I'd take an army of high-school graduate LLMs to build my agentic applications over a couple of genius LLMs any day.
This is a whole new paradigm of AI.
If people can make RL scalable-- make it so that RL isn't just a final phase, but something which is as big as the supervised stuff, then diffusion models are going to have an advantage.
If not, I think autoregressive models will still be preferred. Diffusion models become fixed very fast, they can't actually refine their outputs, so we're not talking about some kind of refinement along the lines of: initial idea -> better idea -> something actually sound.
Although the lab that did this research (Chris Re and Tri Dao are involved) is run by the world's experts in squeezing CUDA and Nvidia hardware for every last drop of performance.

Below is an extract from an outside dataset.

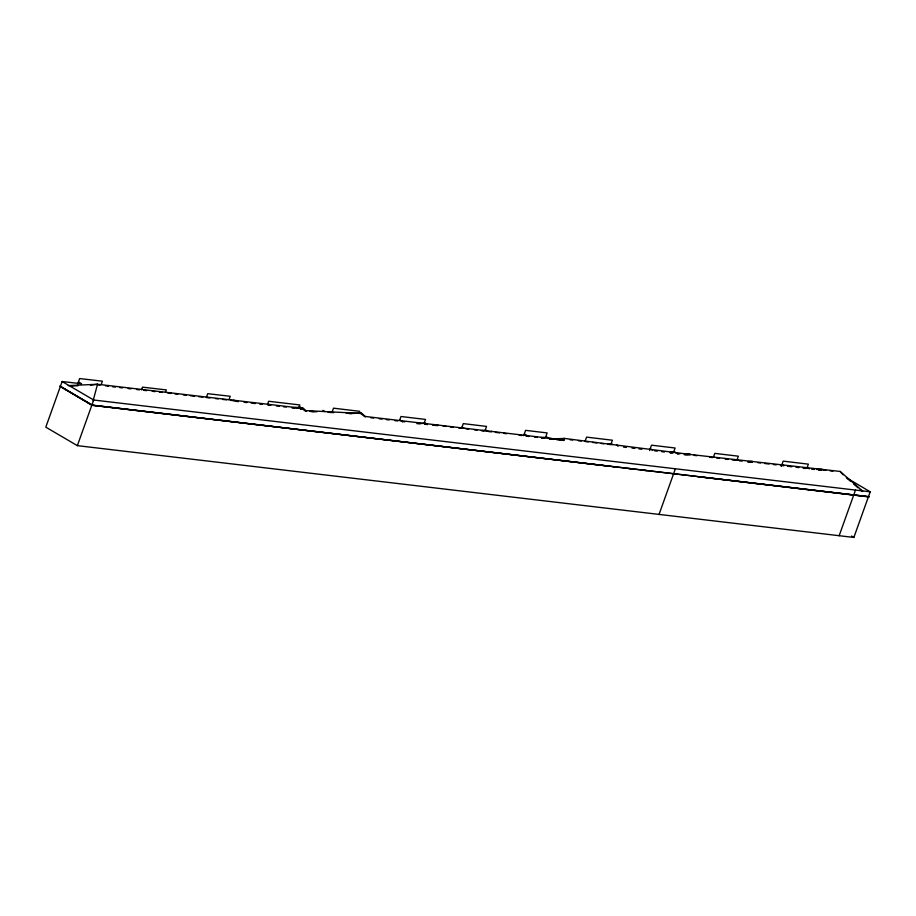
<?xml version="1.0" encoding="UTF-8"?>
<svg xmlns="http://www.w3.org/2000/svg" width="916" height="916" viewBox="0 0 916 916"><rect width="100%" height="100%" fill="white"/><g stroke="black" fill="none" stroke-linecap="round" stroke-linejoin="round"><path stroke-width="1.37" d="M93.1 400.75L97.531 384.262L303.414 408.433L305.898 410.597L361.843 413.46L365.289 416.459L563.981 439.978L564.405 438.432L690.057 454.439L840.121 471.442L862.723 491.125M818.675 469.988L821.641 469.851M78.455 381.915L81.616 383.77L62.139 381.525L45.8 427.154L77.356 445.645L853.861 537.44L870.2 491.812L846.361 477.717M77.494 384.606L79.658 378.56L102.397 381.193L101.195 384.548M90.409 385.189L97.531 384.262L68.185 385.613M77.356 445.645L93.695 400.017L870.2 491.812M108.351 385.51L108.134 386.105L105.432 385.796M108.328 386.277L108.546 385.67M141.533 389.815L142.484 387.147L166.3 389.907L165.487 392.163M170.88 392.792L170.674 393.399L167.834 393.079M170.777 393.491L170.994 392.895M206.283 397.659L207.703 393.685L230.225 396.273L228.977 399.754M233.889 400.074L233.672 400.681L230.878 400.361M234.221 401.151L234.427 400.544M267.69 403.899L268.628 401.265L299.807 404.941L298.696 408.067M300.379 408.719L303.196 409.04L303.414 408.433L300.482 407.299L296.074 408.078M305.681 411.204L305.898 410.597M332.107 412.063L333.504 408.181L359.713 411.318L358.923 413.54M360.583 413.689L360.801 413.093C362.438 412.864 361.236 414.948 361.671 413.597M365.072 417.055L365.289 416.459M399.548 420.49L400.979 416.505L425.516 419.425L424.245 422.997L426.387 424.257M425.093 423.902L425.31 423.295L427.451 424.566L424.623 424.211M437.379 425.734L437.699 424.784L432.455 425.024M461.847 427.612L463.278 423.627L486.533 426.409L485.308 429.844L487.415 431.093M486.03 430.967L486.247 430.371L482.045 430.554M491.48 431.276L491.262 431.883L488.377 431.493M523.677 435.673L525.589 430.348L547.15 432.925L545.856 436.543L548.81 438.283L557.111 439.279M548.592 438.512L546.623 437.356L542.123 438.146M563.764 440.585L563.981 439.978L559.745 440.172M585.141 441.134L586.572 437.127L612.38 440.218L611.041 443.951M611.98 444.649L612.197 444.042L608.006 444.226M616.686 445.336L616.892 444.729M617.911 446.401L618.128 445.806M649.581 450.512L651.494 445.176L675.115 448.004L673.81 451.634L678.149 454.073M659.005 514.54L675.344 468.9M689.84 455.046L690.114 454.256L684.687 454.496M713.369 457.359L714.801 453.386L738.353 456.191L737.105 459.66M752.036 462.328L752.345 461.378L748.086 461.572M781.279 466.427L783.169 461.126L808.37 464.149L807.156 467.515L809.4 468.843M821.503 470.332L821.847 469.244L816.751 469.473M840.121 471.442L843.098 474.82M839.148 535.734L855.487 490.106M91.84 405.238L869.181 496.747L91.84 405.238L59.792 386.002L92.001 404.872M71.059 386.071L77.974 385.75M300.311 408.994L303.127 408.868M735.193 460.256L738.021 460.13M291.998 407.666L300.482 407.299M349.706 413.574L360.801 413.093M416.929 423.673L425.31 423.295M433.382 425.322L437.596 425.139M434.86 425.505L437.482 425.39M541.138 437.596L546.623 437.356M549.577 439.096L564.405 438.432L560.145 439.211M670.546 452.286L674.794 452.092L670.398 452.882M684.504 454.691L690.057 454.439M748.074 461.904L752.254 461.721M749.288 462.111L752.128 461.985M804.202 467.893L808.29 467.71L803.836 468.5M818.904 469.851L821.721 469.725M309.871 411.41L316.867 411.776M328.054 412.349L333.653 412.635M346.237 413.276L351.836 413.563M112.576 386.758L115.416 387.09M119.664 387.571L122.492 387.892M128.16 388.544L130.999 388.865M136.667 389.518L139.495 389.838M143.755 390.319L146.583 390.651M152.251 391.292L155.079 391.624M159.338 392.105L162.166 392.426M174.967 393.972L177.773 394.292M183.36 394.933L186.154 395.254M190.345 395.735L194.536 396.204M198.726 396.685L202.928 397.166M207.119 397.647L209.913 397.968M215.5 398.597L218.294 398.918M222.485 399.399L226.676 399.88M235.618 401.311L238.435 401.632M244.068 402.273L246.885 402.593M251.11 403.086L255.335 403.567M259.56 404.048L262.377 404.368M267.999 405.009L270.815 405.33M276.449 405.983L279.266 406.303M283.491 406.784L286.307 407.105M291.941 407.746L294.757 408.067M97.314 384.869L100.027 385.178M610.033 466.313L91.898 405.067L60.33 386.563M612.873 466.645L615.712 466.977M628.49 468.488L631.33 468.832M644.108 470.343L646.948 470.675M682.431 474.866L685.271 475.209M698.049 476.709L868.391 496.85M823.037 470.011L825.854 470.355M830.068 470.858L832.873 471.202M569.866 439.714L572.706 440.058M578.385 440.733L581.213 441.077M585.473 441.592L588.312 441.924M592.56 442.439L596.82 442.955M601.079 443.459L603.919 443.802M608.167 444.306L611.006 444.649M757.795 462.66L760.623 463.004M764.871 463.519L769.119 464.023M773.367 464.538L776.196 464.881M780.443 465.385L783.283 465.729M787.52 466.244L791.768 466.748M796.015 467.263L798.855 467.607M803.103 468.11L805.931 468.454M811.587 469.141L814.427 469.473M694.133 455.366L696.962 455.699M709.671 457.233L712.488 457.576M716.724 458.08L719.552 458.424M725.197 459.099L728.025 459.443M732.262 459.947L735.09 460.29M739.327 460.794L742.155 461.137M747.8 461.813L750.628 462.156M623.556 447.088L626.372 447.42M632.017 448.096L634.834 448.439M639.07 448.943L641.887 449.287M654.585 450.809L657.402 451.153M661.638 451.657L664.455 452M670.1 452.676L672.917 453.008M677.153 453.523L679.97 453.855M684.206 454.37L688.431 454.874M443.138 426.066L445.966 426.409M450.203 426.913L453.031 427.257M458.687 427.932L461.515 428.276M465.752 428.78L468.58 429.123M474.236 429.799L477.064 430.142M481.312 430.646L484.14 430.989M495.442 432.386L499.632 432.89M503.811 433.382L506.594 433.726M519.143 435.226L521.937 435.558M526.116 436.062L528.91 436.394M534.486 437.069L537.268 437.401M541.459 437.905L544.241 438.237M549.818 438.913L552.611 439.245M556.791 439.749L559.584 440.081M370.74 417.742L373.579 418.085M379.247 418.761L382.087 419.104M386.334 419.608L389.174 419.952M394.842 420.639L397.681 420.971M401.941 421.486L404.769 421.829M417.536 423.352L420.364 423.696M303.998 410.54L306.826 410.872M309.665 411.215L313.902 411.719M267.518 404.38L269.373 405.456M62.139 381.525L93.695 400.017M781.966 464.492L784.016 465.706M851.479 536.032L853.861 537.44M524.284 433.966L528.566 436.497M462.042 427.062L464.114 428.287M322.924 410.391L324.974 411.593M650.188 448.817L652.558 450.225M399.697 420.066L402.513 421.726M847.357 478.53L850.54 481.312M853.735 484.095L857.994 487.793M860.124 489.648L862.254 491.503M361.625 414.066L364.213 416.311"/></g></svg>

At the API level, the primary differences will be the addition of text infill capabilities for language generation. I also somewhat expect certain types of generation to be more cohesive (e.g. comedy or stories where you need to think of the punchline or ending first!)
https://huggingface.co/tencent/WeDLM-8B-Instruct
Diffusion isn’t natively supported in the transformers library yet so you have to use their custom inference code.